----- INFORMATION SHOWN
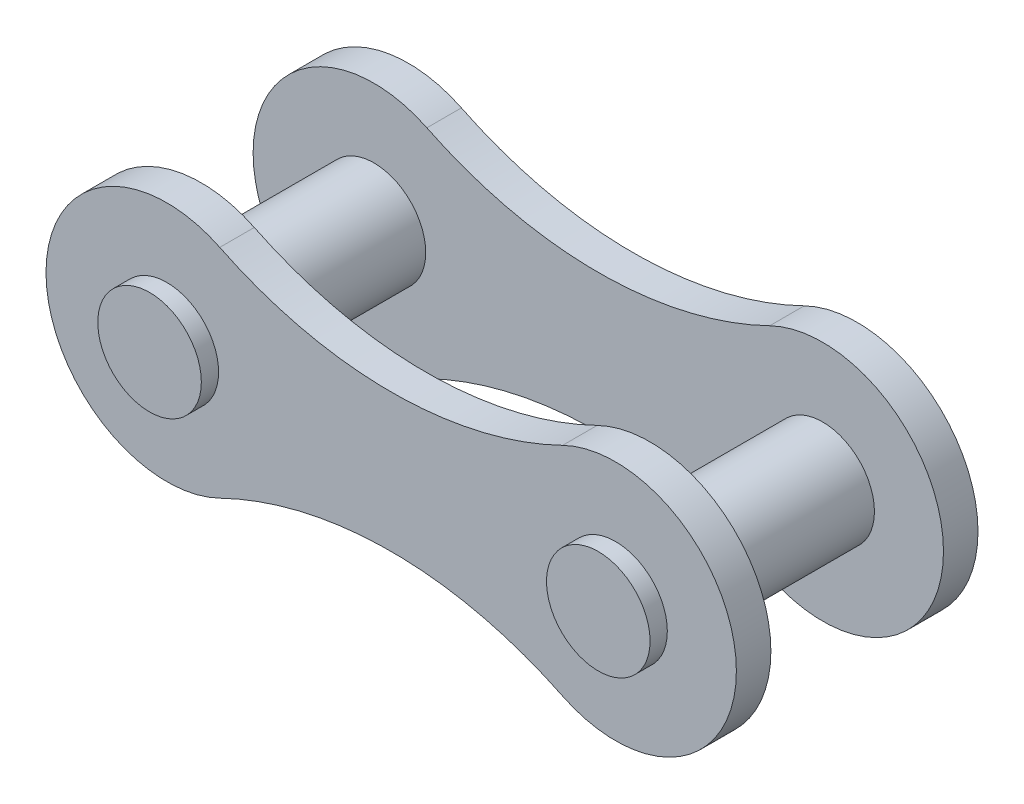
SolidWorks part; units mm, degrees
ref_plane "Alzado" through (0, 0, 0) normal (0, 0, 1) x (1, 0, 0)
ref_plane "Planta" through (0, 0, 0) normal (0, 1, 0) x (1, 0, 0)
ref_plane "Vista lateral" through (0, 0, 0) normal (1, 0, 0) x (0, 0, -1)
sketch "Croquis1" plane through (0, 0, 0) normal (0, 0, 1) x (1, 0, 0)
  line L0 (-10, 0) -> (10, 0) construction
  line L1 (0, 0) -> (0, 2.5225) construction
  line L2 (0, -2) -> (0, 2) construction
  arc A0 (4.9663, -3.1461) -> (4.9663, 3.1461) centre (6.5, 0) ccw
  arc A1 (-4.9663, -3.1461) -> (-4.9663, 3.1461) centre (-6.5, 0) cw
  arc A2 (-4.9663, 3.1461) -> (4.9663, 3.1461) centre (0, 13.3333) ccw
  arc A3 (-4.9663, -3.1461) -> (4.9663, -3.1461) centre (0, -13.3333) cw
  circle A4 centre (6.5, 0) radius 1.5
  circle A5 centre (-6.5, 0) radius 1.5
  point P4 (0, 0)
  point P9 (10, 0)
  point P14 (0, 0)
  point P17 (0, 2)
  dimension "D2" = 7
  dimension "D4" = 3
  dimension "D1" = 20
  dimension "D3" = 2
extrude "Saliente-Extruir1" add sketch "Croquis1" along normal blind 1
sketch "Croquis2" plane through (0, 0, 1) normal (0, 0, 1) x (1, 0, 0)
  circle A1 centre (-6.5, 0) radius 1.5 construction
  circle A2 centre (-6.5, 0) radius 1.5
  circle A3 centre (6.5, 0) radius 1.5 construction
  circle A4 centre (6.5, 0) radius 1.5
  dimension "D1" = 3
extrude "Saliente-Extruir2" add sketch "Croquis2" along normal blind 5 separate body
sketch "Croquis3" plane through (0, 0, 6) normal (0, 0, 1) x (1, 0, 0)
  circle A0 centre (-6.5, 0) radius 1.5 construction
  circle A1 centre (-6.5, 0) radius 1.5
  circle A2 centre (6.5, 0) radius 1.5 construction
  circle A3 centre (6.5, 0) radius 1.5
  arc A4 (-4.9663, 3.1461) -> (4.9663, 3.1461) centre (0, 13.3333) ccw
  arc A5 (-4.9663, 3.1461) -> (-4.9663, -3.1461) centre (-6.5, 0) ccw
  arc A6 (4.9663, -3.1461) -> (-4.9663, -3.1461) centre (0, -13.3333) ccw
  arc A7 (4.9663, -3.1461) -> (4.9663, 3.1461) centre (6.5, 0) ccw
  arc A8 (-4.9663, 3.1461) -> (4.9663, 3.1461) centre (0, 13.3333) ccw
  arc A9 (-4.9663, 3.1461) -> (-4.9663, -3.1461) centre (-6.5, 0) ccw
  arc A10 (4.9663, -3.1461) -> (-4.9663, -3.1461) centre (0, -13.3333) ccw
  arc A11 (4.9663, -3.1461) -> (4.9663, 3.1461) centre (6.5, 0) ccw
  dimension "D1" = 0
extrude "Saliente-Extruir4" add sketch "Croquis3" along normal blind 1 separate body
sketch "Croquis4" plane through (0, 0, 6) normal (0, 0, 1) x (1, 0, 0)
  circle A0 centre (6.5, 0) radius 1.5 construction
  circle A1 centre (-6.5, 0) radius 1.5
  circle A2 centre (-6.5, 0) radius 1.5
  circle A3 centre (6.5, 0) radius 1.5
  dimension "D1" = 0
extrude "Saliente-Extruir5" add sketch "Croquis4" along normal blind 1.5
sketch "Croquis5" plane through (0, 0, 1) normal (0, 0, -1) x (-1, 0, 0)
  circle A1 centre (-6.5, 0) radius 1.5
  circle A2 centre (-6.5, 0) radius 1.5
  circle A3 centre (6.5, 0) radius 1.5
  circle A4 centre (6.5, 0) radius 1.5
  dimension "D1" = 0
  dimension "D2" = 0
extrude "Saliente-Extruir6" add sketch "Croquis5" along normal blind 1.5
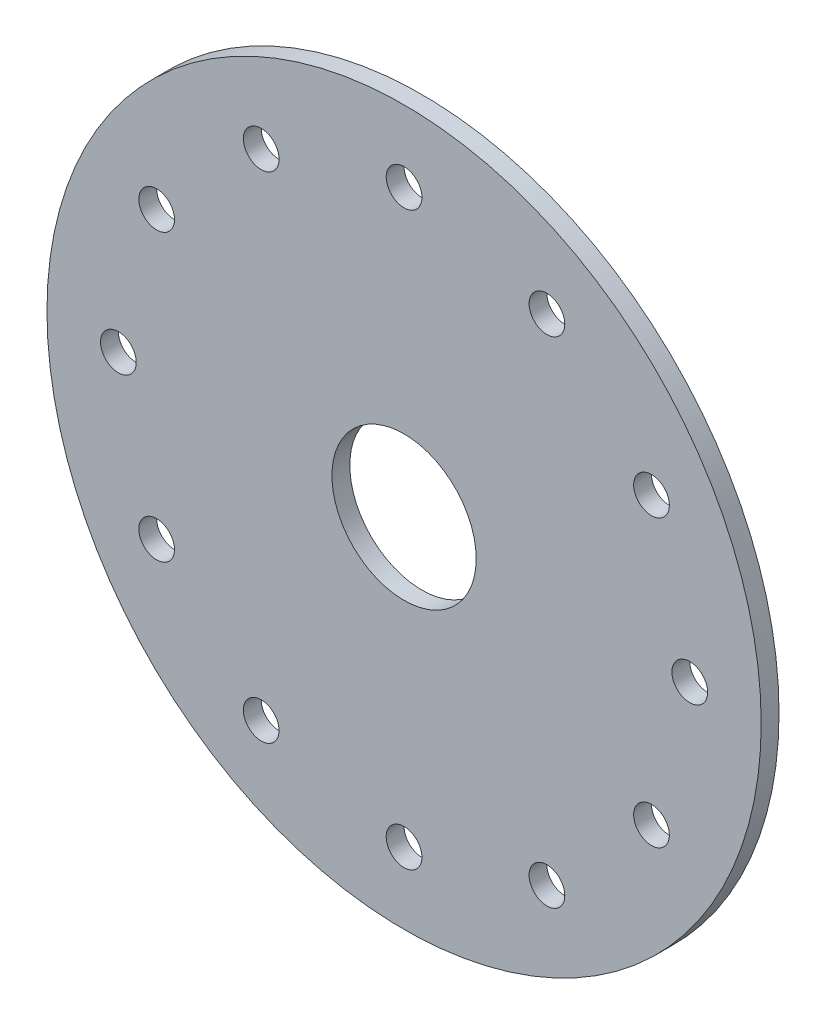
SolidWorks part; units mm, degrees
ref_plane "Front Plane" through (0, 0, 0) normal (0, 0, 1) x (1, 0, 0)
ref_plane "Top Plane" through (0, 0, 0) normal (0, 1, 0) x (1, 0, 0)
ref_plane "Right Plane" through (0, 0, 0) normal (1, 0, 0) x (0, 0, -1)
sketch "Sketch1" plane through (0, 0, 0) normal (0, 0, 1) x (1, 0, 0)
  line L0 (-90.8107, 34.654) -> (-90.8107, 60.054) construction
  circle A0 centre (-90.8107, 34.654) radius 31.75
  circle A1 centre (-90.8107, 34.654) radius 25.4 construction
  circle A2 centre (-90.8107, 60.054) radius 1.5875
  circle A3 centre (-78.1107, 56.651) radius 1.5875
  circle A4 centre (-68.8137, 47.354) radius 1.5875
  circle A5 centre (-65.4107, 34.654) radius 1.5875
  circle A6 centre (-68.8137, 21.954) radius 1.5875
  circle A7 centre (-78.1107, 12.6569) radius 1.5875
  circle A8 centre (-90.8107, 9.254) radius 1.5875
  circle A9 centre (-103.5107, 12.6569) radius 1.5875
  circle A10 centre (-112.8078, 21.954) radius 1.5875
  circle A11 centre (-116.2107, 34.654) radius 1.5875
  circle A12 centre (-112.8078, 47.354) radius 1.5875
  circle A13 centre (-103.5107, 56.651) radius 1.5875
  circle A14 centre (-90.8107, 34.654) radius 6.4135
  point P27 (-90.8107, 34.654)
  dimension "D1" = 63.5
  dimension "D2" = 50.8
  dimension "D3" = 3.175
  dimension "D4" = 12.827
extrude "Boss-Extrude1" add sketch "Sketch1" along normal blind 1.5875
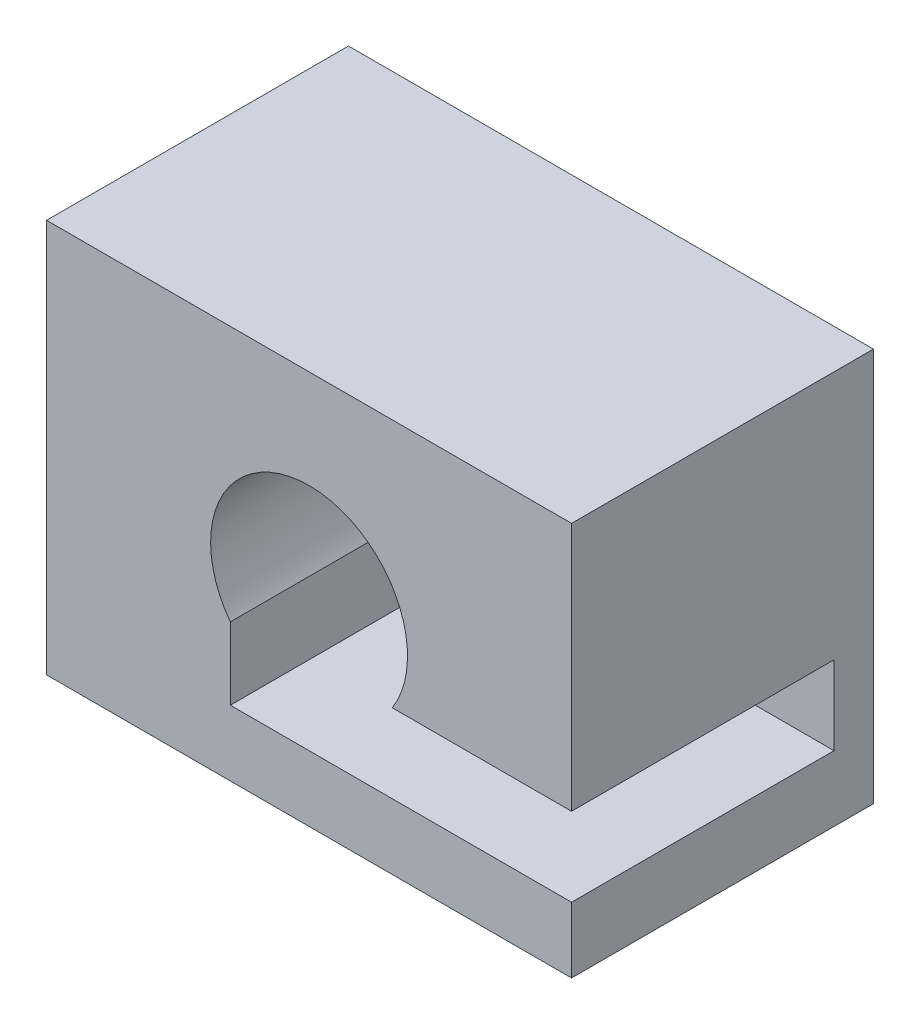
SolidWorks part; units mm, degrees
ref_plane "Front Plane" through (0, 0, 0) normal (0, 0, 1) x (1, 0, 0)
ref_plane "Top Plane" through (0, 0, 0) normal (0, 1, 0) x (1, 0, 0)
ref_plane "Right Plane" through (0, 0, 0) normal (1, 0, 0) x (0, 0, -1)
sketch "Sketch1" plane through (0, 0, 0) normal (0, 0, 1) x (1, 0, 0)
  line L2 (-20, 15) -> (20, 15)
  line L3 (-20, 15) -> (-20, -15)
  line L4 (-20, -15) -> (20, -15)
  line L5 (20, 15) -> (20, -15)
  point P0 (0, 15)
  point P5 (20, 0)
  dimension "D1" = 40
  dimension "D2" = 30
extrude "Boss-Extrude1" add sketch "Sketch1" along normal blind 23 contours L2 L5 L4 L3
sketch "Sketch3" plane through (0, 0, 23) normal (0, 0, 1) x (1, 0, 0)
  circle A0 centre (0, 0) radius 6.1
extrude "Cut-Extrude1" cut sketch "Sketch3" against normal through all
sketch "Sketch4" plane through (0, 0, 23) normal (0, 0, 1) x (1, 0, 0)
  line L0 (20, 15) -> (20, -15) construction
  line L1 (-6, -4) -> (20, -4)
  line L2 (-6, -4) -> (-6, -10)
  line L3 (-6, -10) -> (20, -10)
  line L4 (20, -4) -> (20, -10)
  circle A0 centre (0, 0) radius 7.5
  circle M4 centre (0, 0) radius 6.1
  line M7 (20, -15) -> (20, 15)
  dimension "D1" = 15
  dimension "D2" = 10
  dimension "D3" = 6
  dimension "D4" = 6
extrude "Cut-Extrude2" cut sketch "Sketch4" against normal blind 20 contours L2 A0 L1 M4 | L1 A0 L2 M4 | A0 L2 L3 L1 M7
----------
## THE PROBLEM
The answer must consist of every line from the listing above that includes the word "Boss".

## RESPONSE TO THIS TASK
extrude "Boss-Extrude1" add sketch "Sketch1" along normal blind 1.5875
extrude "Boss-Extrude1" add sketch "Sketch1" along normal blind 23 contours L2 L5 L4 L3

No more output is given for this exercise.